Hi! I am currently adding bioconda/bioconda-recipes#25501 with variants for MPI (nompi
, mpich
and openmpi
). Variants without MPI and MPICH build (and test) fine, but OpenMPI had issues testing:
Error:
10:08:36 BIOCONDA INFO (ERR) [Nov 24 10:08:36] SERR --------------------------------------------------------------------------
10:08:36 BIOCONDA INFO (ERR) [Nov 24 10:08:36] SERR The value of the MCA parameter "plm_rsh_agent" was set to a path
10:08:36 BIOCONDA INFO (ERR) [Nov 24 10:08:36] SERR that could not be found:
10:08:36 BIOCONDA INFO (ERR) [Nov 24 10:08:36] SERR
10:08:36 BIOCONDA INFO (ERR) [Nov 24 10:08:36] SERR plm_rsh_agent: ssh : rsh
10:08:36 BIOCONDA INFO (ERR) [Nov 24 10:08:36] SERR
10:08:36 BIOCONDA INFO (ERR) [Nov 24 10:08:36] SERR Please either unset the parameter, or check that the path is correct
10:08:36 BIOCONDA INFO (ERR) [Nov 24 10:08:36] SERR --------------------------------------------------------------------------
10:08:36 BIOCONDA INFO (ERR) [Nov 24 10:08:36] SERR [8c540ddec9fa:00012] [[INVALID],INVALID] FORCE-TERMINATE AT Not found:-13 - error plm_rsh_component.c(335)

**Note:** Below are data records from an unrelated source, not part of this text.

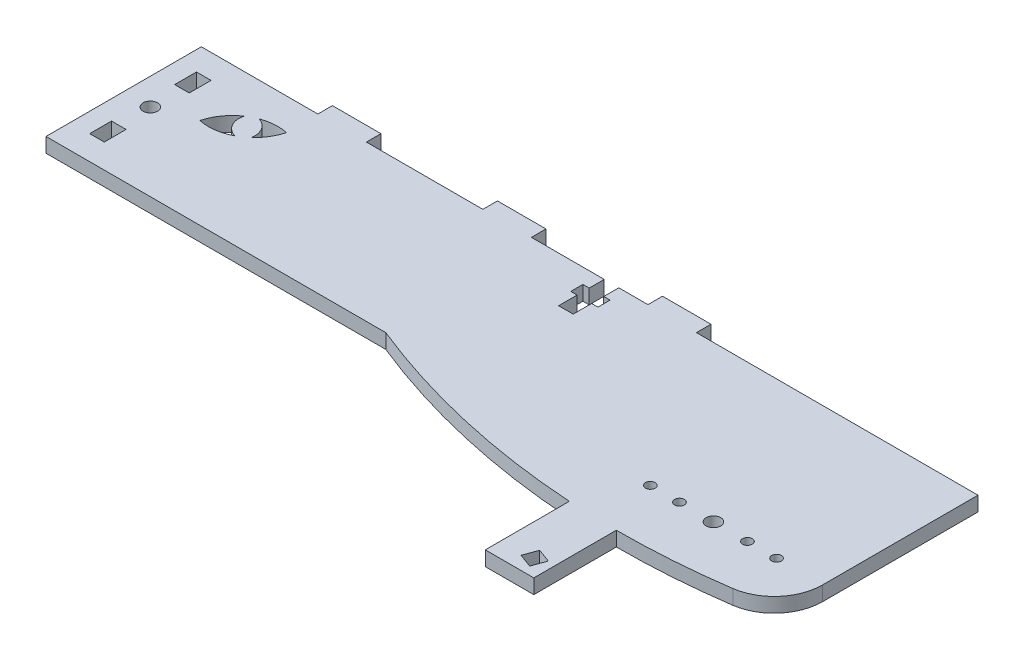
SolidWorks part; units mm, degrees
ref_plane "Front Plane" through (0, 0, 0) normal (0, 0, 1) x (1, 0, 0)
ref_plane "Top Plane" through (0, 0, 0) normal (0, 1, 0) x (1, 0, 0)
ref_plane "Right Plane" through (0, 0, 0) normal (1, 0, 0) x (0, 0, -1)
sketch "Sketch2" plane through (0, 0, 0) normal (0, 1, 0) x (1, 0, 0)
  line L0 (-22.5, 40.4168) -> (-22.5, -23.5832) construction
  line L1 (-90, 8.4168) -> (-160, 8.4168)
  line L2 (0, 8.4168) -> (0, 40.4168)
  line L3 (0, 40.4168) -> (-58, 40.4168)
  line L4 (-160, 8.4168) -> (-160, 40.4168)
  line L5 (-160, 24.4168) -> (-154.5, 24.4168) construction
  line L6 (-156, 35.4168) -> (-156, 30.9168)
  line L7 (-156, 30.9168) -> (-153, 30.9168)
  line L8 (-153, 30.9168) -> (-153, 35.4168)
  line L9 (-153, 35.4168) -> (-156, 35.4168)
  line L10 (-156, 13.4168) -> (-156, 17.9168)
  line L11 (-153, 13.4168) -> (-156, 13.4168)
  line L12 (-153, 17.9168) -> (-153, 13.4168)
  line L13 (-156, 17.9168) -> (-153, 17.9168)
  line L14 (-136, 40.4168) -> (-136, 43.4168)
  line L15 (-136, 43.4168) -> (-126, 43.4168)
  line L16 (-126, 43.4168) -> (-126, 40.4168)
  line L17 (-136, 40.4168) -> (-160, 40.4168)
  line L18 (-92, 43.4168) -> (-92, 40.4168)
  line L19 (-102, 43.4168) -> (-92, 43.4168)
  line L20 (-102, 40.4168) -> (-102, 43.4168)
  line L21 (-58, 43.4168) -> (-58, 40.4168)
  line L22 (-68, 43.4168) -> (-58, 43.4168)
  line L23 (-68, 40.4168) -> (-68, 43.4168)
  line L27 (-102, 40.4168) -> (-126, 40.4168)
  line L28 (-68, 40.4168) -> (-74, 40.4168)
  line L30 (-24, 43.4168) -> (-24, 40.4168) [skipped]
  line L31 (-34, 43.4168) -> (-24, 43.4168) [skipped]
  line L32 (-34, 40.4168) -> (-34, 43.4168) [skipped]
  line L33 (-74, 40.4168) -> (-74, 37.3168)
  line L34 (-74, 37.3168) -> (-72.7, 37.3168)
  line L35 (-72.7, 37.3168) -> (-72.7, 34.8168)
  line L36 (-72.7, 34.8168) -> (-74, 34.8168)
  line L37 (-74, 34.8168) -> (-74, 31.0168)
  line L38 (-74, 31.0168) -> (-77, 31.0168)
  line L39 (-77, 31.0168) -> (-77, 34.8168)
  line L40 (-77, 34.8168) -> (-78.3, 34.8168)
  line L41 (-78.3, 34.8168) -> (-78.3, 37.3168)
  line L42 (-78.3, 37.3168) -> (-77, 37.3168)
  line L43 (-77, 37.3168) -> (-77, 40.4168)
  line L44 (-77, 40.4168) -> (-92, 40.4168)
  line L45 (-31, -3.0909) -> (-31, -20.0909)
  line L46 (-31, -20.0909) -> (-41, -20.0909)
  line L47 (-41, -20.0909) -> (-41, -2.7721)
  line L48 (-32.5, -15.5909) -> (-32.5, -20.0909) construction
  line L49 (-32.5, -15.5909) -> (-33.5261, -18.41)
  line L50 (-33.5261, -18.41) -> (-36.3451, -17.384)
  line L51 (-36.3451, -17.384) -> (-35.3191, -14.5649)
  line L52 (-35.3191, -14.5649) -> (-32.5, -15.5909)
  circle A1 centre (-22.5, 8.4168) radius 1.5
  circle A2 centre (-15.5, 8.4168) radius 1
  circle A3 centre (-29.5, 8.4168) radius 1
  circle A4 centre (-9.5, 8.4168) radius 1
  circle A5 centre (-35.5, 8.4168) radius 1
  arc A6 (-147, 27.1168) -> (-143.1981, 32.4685) centre (-137.9183, 24.6913) cw
  arc A7 (-147, 27.1168) -> (-140.6415, 27.9685) centre (-144.9938, 36.3002) ccw
  arc A8 (-143.1981, 32.4685) -> (-140.6415, 27.9685) centre (-139.6835, 31.489) ccw
  arc A9 (-141.1981, 33.5006) -> (-138.6415, 29.3714) centre (-142.2351, 30.0025) cw
  arc A10 (-141.1981, 33.5006) -> (-135.9121, 33.8748) centre (-137.9183, 24.6913) cw
  arc A11 (-138.6415, 29.3714) -> (-135.9121, 33.8748) centre (-144.9938, 36.3002) ccw
  arc A13 (-90, 8.4168) -> (-41, -2.7721) centre (-31, 153.9091) ccw
  arc A14 (-8.5714, -1.4806) -> (0, 8.4168) centre (-10, 8.4168) ccw
  circle A15 centre (-154.5, 24.4168) radius 1.5
  arc A16 (-31, -3.0909) -> (-8.5714, -1.4806) centre (-31, 153.9091) ccw
  point P5 (-22.5, 8.4168)
  point P8 (-154.5, 30.9168)
  point P17 (-147, 27.1168)
  point P20 (-135.9121, 33.8748)
  point P21 (-134.2493, 18.3796)
  point P32 (-136.9526, 22.817)
  point P35 (-90, 8.4168)
  point P40 (0, 0)
  point P47 (-136, 40.4168)
  point P55 (-74, 40.4168)
  point P82 (0, 0)
  dimension "D4" = 3
  dimension "D5" = 7
  dimension "D6" = 2
  dimension "D8" = 9.4
  dimension "D9" = 57
  dimension "D14" = 31
  dimension "D15" = 10
  dimension "D22" = 3
  dimension "D2" = 32
  dimension "D3" = 22.5
  dimension "D7" = 6
  dimension "D10" = 2
  dimension "D11" = 13.3
  dimension "D12" = 4.5
  dimension "D13" = 2
  dimension "D16" = 70
  dimension "D17" = 90
  dimension "D18" = 4
  dimension "D19" = 5
  dimension "D20" = 4.5
  dimension "D21" = 3
  dimension "D23" = 6.5
  dimension "D24" = 24
  dimension "D25" = 10
  dimension "D27" = 6
  dimension "D28" = 3.1
  dimension "D29" = 2.5
  dimension "D30" = 3.8
  dimension "D31" = 3
  dimension "D32" = 1.3
  dimension "D33" = 10
  dimension "D34" = 17
  dimension "D35" = 4.5
  dimension "D36" = 1.5
  dimension "D37" = 3
  dimension "D38" = 20
  dimension "D26" = 4
extrude "Boss-Extrude1" add sketch "Sketch2" along normal blind 3

10:08:36 BIOCONDA INFO (ERR) [Nov 24 10:08:36] SERR [8c540ddec9fa:00010] [[INVALID],INVALID] ORTE_ERROR_LOG: Unable to start a daemon on the local node in file ess_singleton_module.c at line 716
10:08:36 BIOCONDA INFO (ERR) [Nov 24 10:08:36] SERR [8c540ddec9fa:00010] [[INVALID],INVALID] ORTE_ERROR_LOG: Unable to start a daemon on the local node in file ess_singleton_module.c at line 172
10:08:36 BIOCONDA INFO (ERR) [Nov 24 10:08:36] SERR --------------------------------------------------------------------------
I'm not sure if this is on my end, but it looks like it may not be. Could it be a config issue in the build environment?